**EXERCISE AIM:** Give back exactly the lines of the data below, starting with the line that has "#89=CARTESIAN_POINT('',(-5.2058385817496,1.,13.2018458663984));" and going on through the line that has "#132=CARTESIAN_POINT('',(4.15744962661815,0.,10.7222018541964));".

**DATA SECTION:**
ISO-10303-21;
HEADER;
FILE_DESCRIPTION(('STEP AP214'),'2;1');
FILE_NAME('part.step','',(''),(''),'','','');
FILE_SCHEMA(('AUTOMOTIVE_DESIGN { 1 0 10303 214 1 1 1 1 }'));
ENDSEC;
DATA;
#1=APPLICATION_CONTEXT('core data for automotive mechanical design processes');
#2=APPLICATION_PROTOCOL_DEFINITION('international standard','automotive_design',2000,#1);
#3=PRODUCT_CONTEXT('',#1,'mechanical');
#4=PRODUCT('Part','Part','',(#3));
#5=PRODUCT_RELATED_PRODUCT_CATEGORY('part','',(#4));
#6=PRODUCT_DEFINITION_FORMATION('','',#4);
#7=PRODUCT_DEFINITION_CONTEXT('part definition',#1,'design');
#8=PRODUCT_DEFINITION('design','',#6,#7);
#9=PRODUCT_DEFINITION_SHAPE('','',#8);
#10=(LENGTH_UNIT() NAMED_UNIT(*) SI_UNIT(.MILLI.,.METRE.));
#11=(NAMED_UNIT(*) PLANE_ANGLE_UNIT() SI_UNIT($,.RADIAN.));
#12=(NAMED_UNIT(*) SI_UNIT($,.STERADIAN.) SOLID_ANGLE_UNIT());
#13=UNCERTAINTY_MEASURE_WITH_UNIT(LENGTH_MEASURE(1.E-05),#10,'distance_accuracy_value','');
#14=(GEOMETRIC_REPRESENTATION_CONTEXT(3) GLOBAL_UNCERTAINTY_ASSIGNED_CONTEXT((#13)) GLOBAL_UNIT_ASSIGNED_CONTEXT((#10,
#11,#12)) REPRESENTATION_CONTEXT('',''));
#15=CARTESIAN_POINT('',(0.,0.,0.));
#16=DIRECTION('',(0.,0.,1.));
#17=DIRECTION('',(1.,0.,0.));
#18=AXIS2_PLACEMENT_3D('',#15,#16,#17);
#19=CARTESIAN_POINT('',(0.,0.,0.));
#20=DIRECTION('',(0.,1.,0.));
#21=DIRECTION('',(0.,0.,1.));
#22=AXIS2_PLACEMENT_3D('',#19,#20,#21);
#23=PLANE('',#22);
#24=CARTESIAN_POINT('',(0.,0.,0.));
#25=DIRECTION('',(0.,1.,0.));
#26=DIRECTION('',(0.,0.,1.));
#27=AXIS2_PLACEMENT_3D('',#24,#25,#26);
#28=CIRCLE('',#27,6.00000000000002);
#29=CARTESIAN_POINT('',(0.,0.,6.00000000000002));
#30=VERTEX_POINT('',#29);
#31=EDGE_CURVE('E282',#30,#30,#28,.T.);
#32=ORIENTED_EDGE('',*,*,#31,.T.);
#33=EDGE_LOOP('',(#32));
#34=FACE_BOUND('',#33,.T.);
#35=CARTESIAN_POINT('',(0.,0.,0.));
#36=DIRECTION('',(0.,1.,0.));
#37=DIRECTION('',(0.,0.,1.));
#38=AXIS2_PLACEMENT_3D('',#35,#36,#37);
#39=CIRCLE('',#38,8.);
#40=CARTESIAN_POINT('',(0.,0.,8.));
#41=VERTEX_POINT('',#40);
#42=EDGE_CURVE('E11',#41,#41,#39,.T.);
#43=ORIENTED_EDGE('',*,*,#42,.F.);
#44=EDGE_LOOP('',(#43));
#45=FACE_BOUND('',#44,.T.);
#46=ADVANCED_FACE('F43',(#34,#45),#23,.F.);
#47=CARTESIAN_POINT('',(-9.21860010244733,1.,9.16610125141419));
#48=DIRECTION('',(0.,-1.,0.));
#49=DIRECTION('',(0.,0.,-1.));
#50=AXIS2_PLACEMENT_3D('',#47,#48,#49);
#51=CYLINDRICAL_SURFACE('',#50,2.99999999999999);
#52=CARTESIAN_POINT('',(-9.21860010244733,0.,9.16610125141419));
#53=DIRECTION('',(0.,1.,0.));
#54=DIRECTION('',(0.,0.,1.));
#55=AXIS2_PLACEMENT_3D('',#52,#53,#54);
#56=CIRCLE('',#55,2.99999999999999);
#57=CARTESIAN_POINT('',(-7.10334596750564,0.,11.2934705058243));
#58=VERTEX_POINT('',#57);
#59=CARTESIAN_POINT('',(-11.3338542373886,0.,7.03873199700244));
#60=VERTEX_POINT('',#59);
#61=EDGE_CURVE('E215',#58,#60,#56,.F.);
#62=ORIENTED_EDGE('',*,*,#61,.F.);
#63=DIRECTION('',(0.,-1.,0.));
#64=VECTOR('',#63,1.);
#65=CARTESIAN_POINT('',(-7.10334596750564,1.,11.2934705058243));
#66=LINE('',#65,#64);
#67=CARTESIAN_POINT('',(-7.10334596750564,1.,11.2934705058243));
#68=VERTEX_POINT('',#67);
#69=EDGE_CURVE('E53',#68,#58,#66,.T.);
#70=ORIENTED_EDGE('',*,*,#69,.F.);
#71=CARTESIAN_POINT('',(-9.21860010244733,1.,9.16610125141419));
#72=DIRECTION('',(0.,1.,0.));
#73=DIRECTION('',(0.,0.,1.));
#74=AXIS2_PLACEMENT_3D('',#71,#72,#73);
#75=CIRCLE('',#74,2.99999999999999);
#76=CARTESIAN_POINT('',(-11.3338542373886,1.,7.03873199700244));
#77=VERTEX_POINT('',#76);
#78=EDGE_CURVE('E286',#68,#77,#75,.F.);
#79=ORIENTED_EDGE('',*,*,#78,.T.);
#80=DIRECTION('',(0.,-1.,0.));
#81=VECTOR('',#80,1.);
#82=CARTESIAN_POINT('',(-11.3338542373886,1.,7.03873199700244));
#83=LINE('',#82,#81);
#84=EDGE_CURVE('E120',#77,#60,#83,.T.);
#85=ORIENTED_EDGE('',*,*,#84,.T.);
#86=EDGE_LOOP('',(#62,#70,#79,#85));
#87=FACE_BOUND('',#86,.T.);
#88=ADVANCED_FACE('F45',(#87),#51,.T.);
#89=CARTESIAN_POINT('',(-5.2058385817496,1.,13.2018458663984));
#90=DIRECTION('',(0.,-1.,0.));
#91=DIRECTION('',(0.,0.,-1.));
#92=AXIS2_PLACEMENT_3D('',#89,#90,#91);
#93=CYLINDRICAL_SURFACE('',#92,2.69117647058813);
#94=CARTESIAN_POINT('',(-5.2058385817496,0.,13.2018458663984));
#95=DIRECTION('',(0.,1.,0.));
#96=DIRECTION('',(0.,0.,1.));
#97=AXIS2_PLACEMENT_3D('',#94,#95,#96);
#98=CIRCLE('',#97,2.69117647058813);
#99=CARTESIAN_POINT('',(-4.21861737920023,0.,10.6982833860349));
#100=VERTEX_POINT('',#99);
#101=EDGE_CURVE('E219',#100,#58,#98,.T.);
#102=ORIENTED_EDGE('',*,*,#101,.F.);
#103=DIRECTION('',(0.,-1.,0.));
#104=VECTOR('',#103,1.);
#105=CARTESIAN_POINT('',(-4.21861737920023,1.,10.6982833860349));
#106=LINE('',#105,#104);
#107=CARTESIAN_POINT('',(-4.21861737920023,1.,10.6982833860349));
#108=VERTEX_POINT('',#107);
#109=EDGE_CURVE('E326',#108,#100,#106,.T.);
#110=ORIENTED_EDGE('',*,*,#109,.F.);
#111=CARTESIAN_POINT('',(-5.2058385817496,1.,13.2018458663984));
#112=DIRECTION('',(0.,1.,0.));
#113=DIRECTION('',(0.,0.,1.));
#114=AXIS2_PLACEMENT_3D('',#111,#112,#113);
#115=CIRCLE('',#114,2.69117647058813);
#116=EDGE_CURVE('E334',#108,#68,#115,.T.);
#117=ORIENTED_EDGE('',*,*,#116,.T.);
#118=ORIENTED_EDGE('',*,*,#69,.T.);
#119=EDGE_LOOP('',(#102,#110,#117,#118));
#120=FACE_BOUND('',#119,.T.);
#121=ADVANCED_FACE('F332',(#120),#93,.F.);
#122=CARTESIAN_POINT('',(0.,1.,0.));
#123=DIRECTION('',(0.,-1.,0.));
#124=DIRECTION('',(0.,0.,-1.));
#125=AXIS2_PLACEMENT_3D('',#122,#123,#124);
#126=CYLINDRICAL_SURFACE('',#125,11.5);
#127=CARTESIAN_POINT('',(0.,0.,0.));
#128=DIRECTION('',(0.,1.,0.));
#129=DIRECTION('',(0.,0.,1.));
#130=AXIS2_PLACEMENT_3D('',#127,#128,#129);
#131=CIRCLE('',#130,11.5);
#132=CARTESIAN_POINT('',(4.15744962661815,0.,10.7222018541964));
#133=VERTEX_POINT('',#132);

**ANSWER TO THE PROBLEM:**
#89=CARTESIAN_POINT('',(-5.2058385817496,1.,13.2018458663984));
#90=DIRECTION('',(0.,-1.,0.));
#91=DIRECTION('',(0.,0.,-1.));
#92=AXIS2_PLACEMENT_3D('',#89,#90,#91);
#93=CYLINDRICAL_SURFACE('',#92,2.69117647058813);
#94=CARTESIAN_POINT('',(-5.2058385817496,0.,13.2018458663984));
#95=DIRECTION('',(0.,1.,0.));
#96=DIRECTION('',(0.,0.,1.));
#97=AXIS2_PLACEMENT_3D('',#94,#95,#96);
#98=CIRCLE('',#97,2.69117647058813);
#99=CARTESIAN_POINT('',(-4.21861737920023,0.,10.6982833860349));
#100=VERTEX_POINT('',#99);
#101=EDGE_CURVE('E219',#100,#58,#98,.T.);
#102=ORIENTED_EDGE('',*,*,#101,.F.);
#103=DIRECTION('',(0.,-1.,0.));
#104=VECTOR('',#103,1.);
#105=CARTESIAN_POINT('',(-4.21861737920023,1.,10.6982833860349));
#106=LINE('',#105,#104);
#107=CARTESIAN_POINT('',(-4.21861737920023,1.,10.6982833860349));
#108=VERTEX_POINT('',#107);
#109=EDGE_CURVE('E326',#108,#100,#106,.T.);
#110=ORIENTED_EDGE('',*,*,#109,.F.);
#111=CARTESIAN_POINT('',(-5.2058385817496,1.,13.2018458663984));
#112=DIRECTION('',(0.,1.,0.));
#113=DIRECTION('',(0.,0.,1.));
#114=AXIS2_PLACEMENT_3D('',#111,#112,#113);
#115=CIRCLE('',#114,2.69117647058813);
#116=EDGE_CURVE('E334',#108,#68,#115,.T.);
#117=ORIENTED_EDGE('',*,*,#116,.T.);
#118=ORIENTED_EDGE('',*,*,#69,.T.);
#119=EDGE_LOOP('',(#102,#110,#117,#118));
#120=FACE_BOUND('',#119,.T.);
#121=ADVANCED_FACE('F332',(#120),#93,.F.);
#122=CARTESIAN_POINT('',(0.,1.,0.));
#123=DIRECTION('',(0.,-1.,0.));
#124=DIRECTION('',(0.,0.,-1.));
#125=AXIS2_PLACEMENT_3D('',#122,#123,#124);
#126=CYLINDRICAL_SURFACE('',#125,11.5);
#127=CARTESIAN_POINT('',(0.,0.,0.));
#128=DIRECTION('',(0.,1.,0.));
#129=DIRECTION('',(0.,0.,1.));
#130=AXIS2_PLACEMENT_3D('',#127,#128,#129);
#131=CIRCLE('',#130,11.5);
#132=CARTESIAN_POINT('',(4.15744962661815,0.,10.7222018541964));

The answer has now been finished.